All but eight of the patients were still free of the virus an average of four years after treatment. Some patients were followed for as long as seven years.
Two of the eight patients showed evidence of a second HCV infection, and it was not clear if the remaining five relapsed or were reinfected.
Virginia Commonwealth University Medical Center chief of hepatology Mitchell Shiffman, MD, presented the follow-up data Monday in Washington at Digestive Disease Week, an annual meeting of liver and gastric disease specialists from around the world.
“When we achieve sustained virologic responses, less than 1% of patients will get the virus back,” he tells WebMD. “We know the virus will not come back in a year or two or three. These patients are cured.”
But between 45% and 50% of patients treated in the United States do not respond to treatment or have incomplete responses, according to Shiffman.

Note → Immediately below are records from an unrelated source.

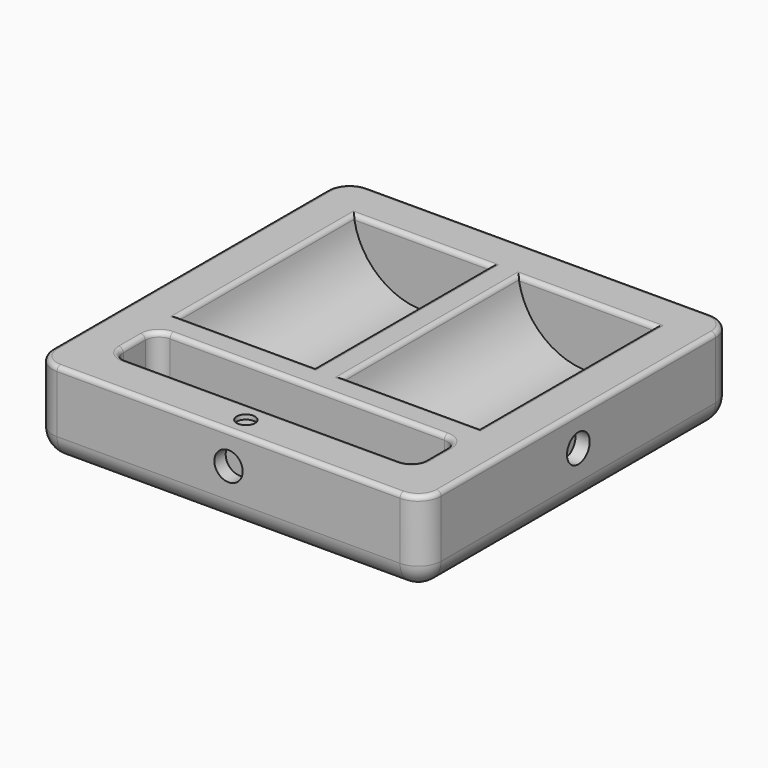
from build123d import *

# Parameters (mm, degrees)
F0_W      = 85
F0_H      = 85
F0_R      = 2
F3_DEPTH  = 18.5
F4_DEPTH  = 14
F5_R      = 5
F6_R      = 3
F7_R      = 3.1
F8_DEPTH  = 3.1
F9_R      = 3.1
F10_DEPTH = 3.1
F11_R     = 3.1
F12_DEPTH = 3.1
F13_R     = 3.1
F14_DEPTH = 3.1
F15_DEPTH = 1
F18_DEPTH = 48
F19_R     = 1
F20_ANGLE = 180


# Not quite as in the source:
# - a feature names something its author has since deleted; it is built from what else it names


with BuildPart() as f3:
    # F0 (on Top) → F3 (new body)
    with BuildSketch(Plane.XY):
        Rectangle(F0_W, F0_H)
        with BuildLine():
            ThreePointArc((-33, 30), (-32.1213203436, 32.1213203436), (-30, 33))
            Line((-30, 33), (30, 33))
            ThreePointArc((30, 33), (32.1213203436, 32.1213203436), (33, 30))
            Line((33, 30), (33, 24))
            ThreePointArc((33, 24), (32.1213203436, 21.8786796564), (30, 21))
            Line((30, 21), (-30, 21))
            ThreePointArc((-30, 21), (-32.1213203436, 21.8786796564), (-33, 24))
            Line((-33, 24), (-33, 30))
        make_face(mode=Mode.SUBTRACT)
        with Locations((0, 37.75)):
            Circle(F0_R, mode=Mode.SUBTRACT)
        with BuildLine():
            Line((30, 33), (-30, 33))
            ThreePointArc((-30, 33), (-32.1213203436, 32.1213203436), (-33, 30))
            Line((-33, 30), (-33, 24))
            ThreePointArc((-33, 24), (-32.1213203436, 21.8786796564), (-30, 21))
            Line((-30, 21), (30, 21))
            ThreePointArc((30, 21), (32.1213203436, 21.8786796564), (33, 24))
            Line((33, 24), (33, 30))
            ThreePointArc((33, 30), (32.1213203436, 32.1213203436), (30, 33))
        make_face()
        with Locations((0, 37.75)):
            Circle(F0_R)
    extrude(amount=F3_DEPTH)

    # F0 (on Top) → F4 (cut)
    with BuildSketch(Plane.XY):
        with BuildLine():
            Line((30, 33), (-30, 33))
            ThreePointArc((-30, 33), (-32.1213203436, 32.1213203436), (-33, 30))
            Line((-33, 30), (-33, 24))
            ThreePointArc((-33, 24), (-32.1213203436, 21.8786796564), (-30, 21))
            Line((-30, 21), (30, 21))
            ThreePointArc((30, 21), (32.1213203436, 21.8786796564), (33, 24))
            Line((33, 24), (33, 30))
            ThreePointArc((33, 30), (32.1213203436, 32.1213203436), (30, 33))
        make_face()
    extrude(amount=F4_DEPTH, mode=Mode.SUBTRACT)

    # F5
    f5_edges = [f3.edges().sort_by_distance(p)[0] for p in [
        (0, 42.5, 18.5),
        (-42.5, 0, 18.5),
        (0, -42.5, 18.5),
        (42.5, 0, 18.5),
        (42.5, 42.5, 9.25),
        (-42.5, 42.5, 9.25),
        (-42.5, -42.5, 9.25),
        (42.5, -42.5, 9.25),
    ]]
    fillet(f5_edges, radius=F5_R)

    # F6
    f6_edges = [f3.edges().sort_by_distance(p)[0] for p in [
        (0, 33, 14),
        (-32.12132, 32.12132, 14),
        (-33, 27, 14),
        (-32.12132, 21.87868, 14),
        (0, 21, 14),
        (32.12132, 21.87868, 14),
        (33, 27, 14),
        (32.12132, 32.12132, 14),
    ]]
    fillet(f6_edges, radius=F6_R)

    # F7 (on face) → F8 (cut)
    with BuildSketch(Plane.XZ.offset(42.5)):
        with Locations((0, 7)):
            Circle(F7_R)
    extrude(amount=-F8_DEPTH, mode=Mode.SUBTRACT)

    # F9 (on face) → F10 (cut)
    with BuildSketch(Plane(origin=(0, 42.5, 0), x_dir=(-1, 0, 0), z_dir=(0, 1, 0))):
        with Locations((0, 7)):
            Circle(F9_R)
    extrude(amount=-F10_DEPTH, mode=Mode.SUBTRACT)

    # F11 (on face) → F12 (cut)
    with BuildSketch(Plane(origin=(-42.5, 0, 0), x_dir=(0, -1, 0), z_dir=(-1, 0, 0))):
        with Locations((0, 7)):
            Circle(F11_R)
    extrude(amount=-F12_DEPTH, mode=Mode.SUBTRACT)

    # F13 (on face) → F14 (cut)
    with BuildSketch(Plane.YZ.offset(42.5)):
        with Locations((0, 7)):
            Circle(F13_R)
    extrude(amount=-F14_DEPTH, mode=Mode.SUBTRACT)

    # F0 (on Top) → F15 (cut)
    with BuildSketch(Plane.XY):
        with Locations((0, 37.75)):
            Circle(F0_R)
    extrude(amount=F15_DEPTH, mode=Mode.SUBTRACT)

    # F17 (on offset) → F18 (cut)
    with BuildSketch(Plane(origin=(0, 15, 0), x_dir=(-1, 0, 0), z_dir=(0, 1, 0))):
        with BuildLine():
            Line((-33, 0), (-3, 0))
            ThreePointArc((-3, 0), (-18, 13.5), (-33, 0))
        make_face()
        with BuildLine():
            Line((3, 0), (33, 0))
            ThreePointArc((33, 0), (18, 13.5), (3, 0))
        make_face()
    extrude(amount=-F18_DEPTH, mode=Mode.SUBTRACT)

    # F19
    f19_edges = [f3.edges().sort_by_distance(p)[0] for p in [
        (-42.5, 0, 0),
        (-33, -9, 0),
        (-18, 15, 0),
        (-3, -9, 0),
        (-18, -33, 0),
        (3, -9, 0),
        (18, -33, 0),
        (33, -9, 0),
        (18, 15, 0),
        (0, 21, 0),
    ]]
    fillet(f19_edges, radius=F19_R)


with BuildPart() as f3_1:
    # F20: moved
    add(f3.part.rotate(Axis((0, 0, 0), (1, 0, 0)), F20_ANGLE))


solid = f3_1.part
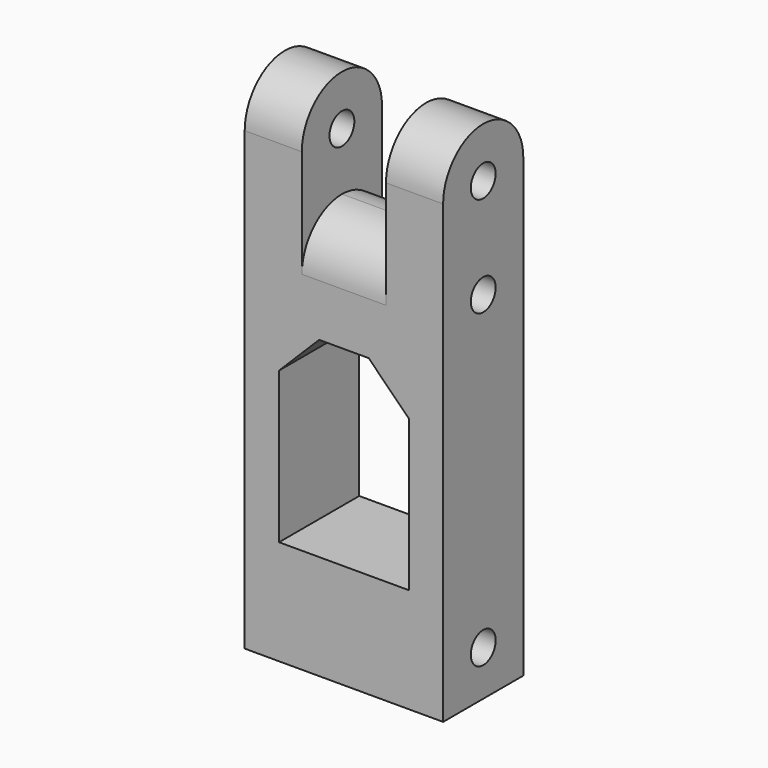
from build123d import *

# Parameters (mm, degrees)
F0_R     = 1.55
F1_DEPTH = 9.9
F2_W     = 8.4
F2_H     = 11.5120084733
F2_W_2   = 12.9466587678
F2_H_2   = 19.0824847668
F3_DEPTH = 25
F4_R     = 4.99999
F5_SIZE  = 4


# Not quite as in the source:
# - a fillet or chamfer is up to 0.001 mm smaller than in the source, because OpenCascade refuses the exact size
# - a feature names something its author has since deleted; it is built from what else it names


with BuildPart() as f1:
    # F0 (on Right) → F1 (new body, symmetric)
    with BuildSketch(Plane.YZ):
        with BuildLine():
            Line((-5, 25.5), (-5, -20))
            Line((-5, -20), (5, -20))
            Line((5, -20), (5, 25.5))
            Line((5, 25.5), (1.55, 25.5))
            ThreePointArc((1.55, 25.5), (0, 23.95), (-1.55, 25.5))
            Line((-1.55, 25.5), (-5, 25.5))
        make_face()
        with Locations((0, -15.5)):
            Circle(F0_R, mode=Mode.SUBTRACT)
        with Locations((0, 15.5)):
            Circle(F0_R, mode=Mode.SUBTRACT)
        with BuildLine():
            ThreePointArc((5, 25.5), (0, 30.5), (-5, 25.5))
            Line((-5, 25.5), (-1.55, 25.5))
            ThreePointArc((-1.55, 25.5), (0, 27.05), (1.55, 25.5))
            Line((1.55, 25.5), (5, 25.5))
        make_face()
    extrude(amount=F1_DEPTH, both=True)

    # F2 (on face) → F3 (cut)
    with BuildSketch(Plane.XZ.offset(5)):
        with Locations((0, 25.5)):
            Rectangle(F2_W, F2_H)
        Rectangle(F2_W_2, F2_H_2)
    extrude(amount=-F3_DEPTH, mode=Mode.SUBTRACT)

    # F4 (radius 5 in the source; OpenCascade refuses exactly that, so slightly less here)
    f4_edges = [f1.edges().sort_by_distance(p)[0] for p in [
        (0, -5, 19.743996),
        (0, 5, 19.743996),
    ]]
    fillet(f4_edges, radius=F4_R)

    # F5
    f5_edges = [f1.edges().sort_by_distance(p)[0] for p in [
        (6.473329, 0, 9.541242),
        (-6.473329, 0, 9.541242),
    ]]
    chamfer(f5_edges, length=F5_SIZE)


solid = f1.part

He adds that roughly 70% of infected Americans have genotype 1, a genetic type of the disease that tends to be less responsive to treatment than other genotypes.
Bruce Bacon, MD, of St. Louis University, tells WebMD that specialists know much more now than they did a few years ago about individualizing interferon treatment.
Patients who respond very quickly may not need to be treated for as long, while those who respond slowly may need a longer course of treatment -- as long as 1.5 years for very slow responders.
Bacon, who directs the division of hepatology at Saint Louis University School of Medicine, says many patients -- and even their primary care physicians -- still do not understand that HCV infection can be cured.
“The overwhelming perception is that this is a disease that can be controlled, but not cured,” he says. “That is why infected people are often hesitant to even consider treatment.”
The message, the experts agree, is that a cure is possible, even for people who already have liver damage and for those with conditions like HIV co-infection.
They also agree that highly anticipated new treatments could improve cure rates in the years to come.
Phase II trials of highly specific drugs that target HCV are now under way, and Bacon says they could be approved within two to three years.
Vierling says he has high hopes that a multidrug approach to HCV treatment, similar to the approach that has turned HIV from a uniformly deadly to largely manageable disease, can improve treatment outcomes for a larger number of patients.
“New drugs may allow us to use existing treatments at lower doses or for shorter periods,” he says. “The future looks bright.”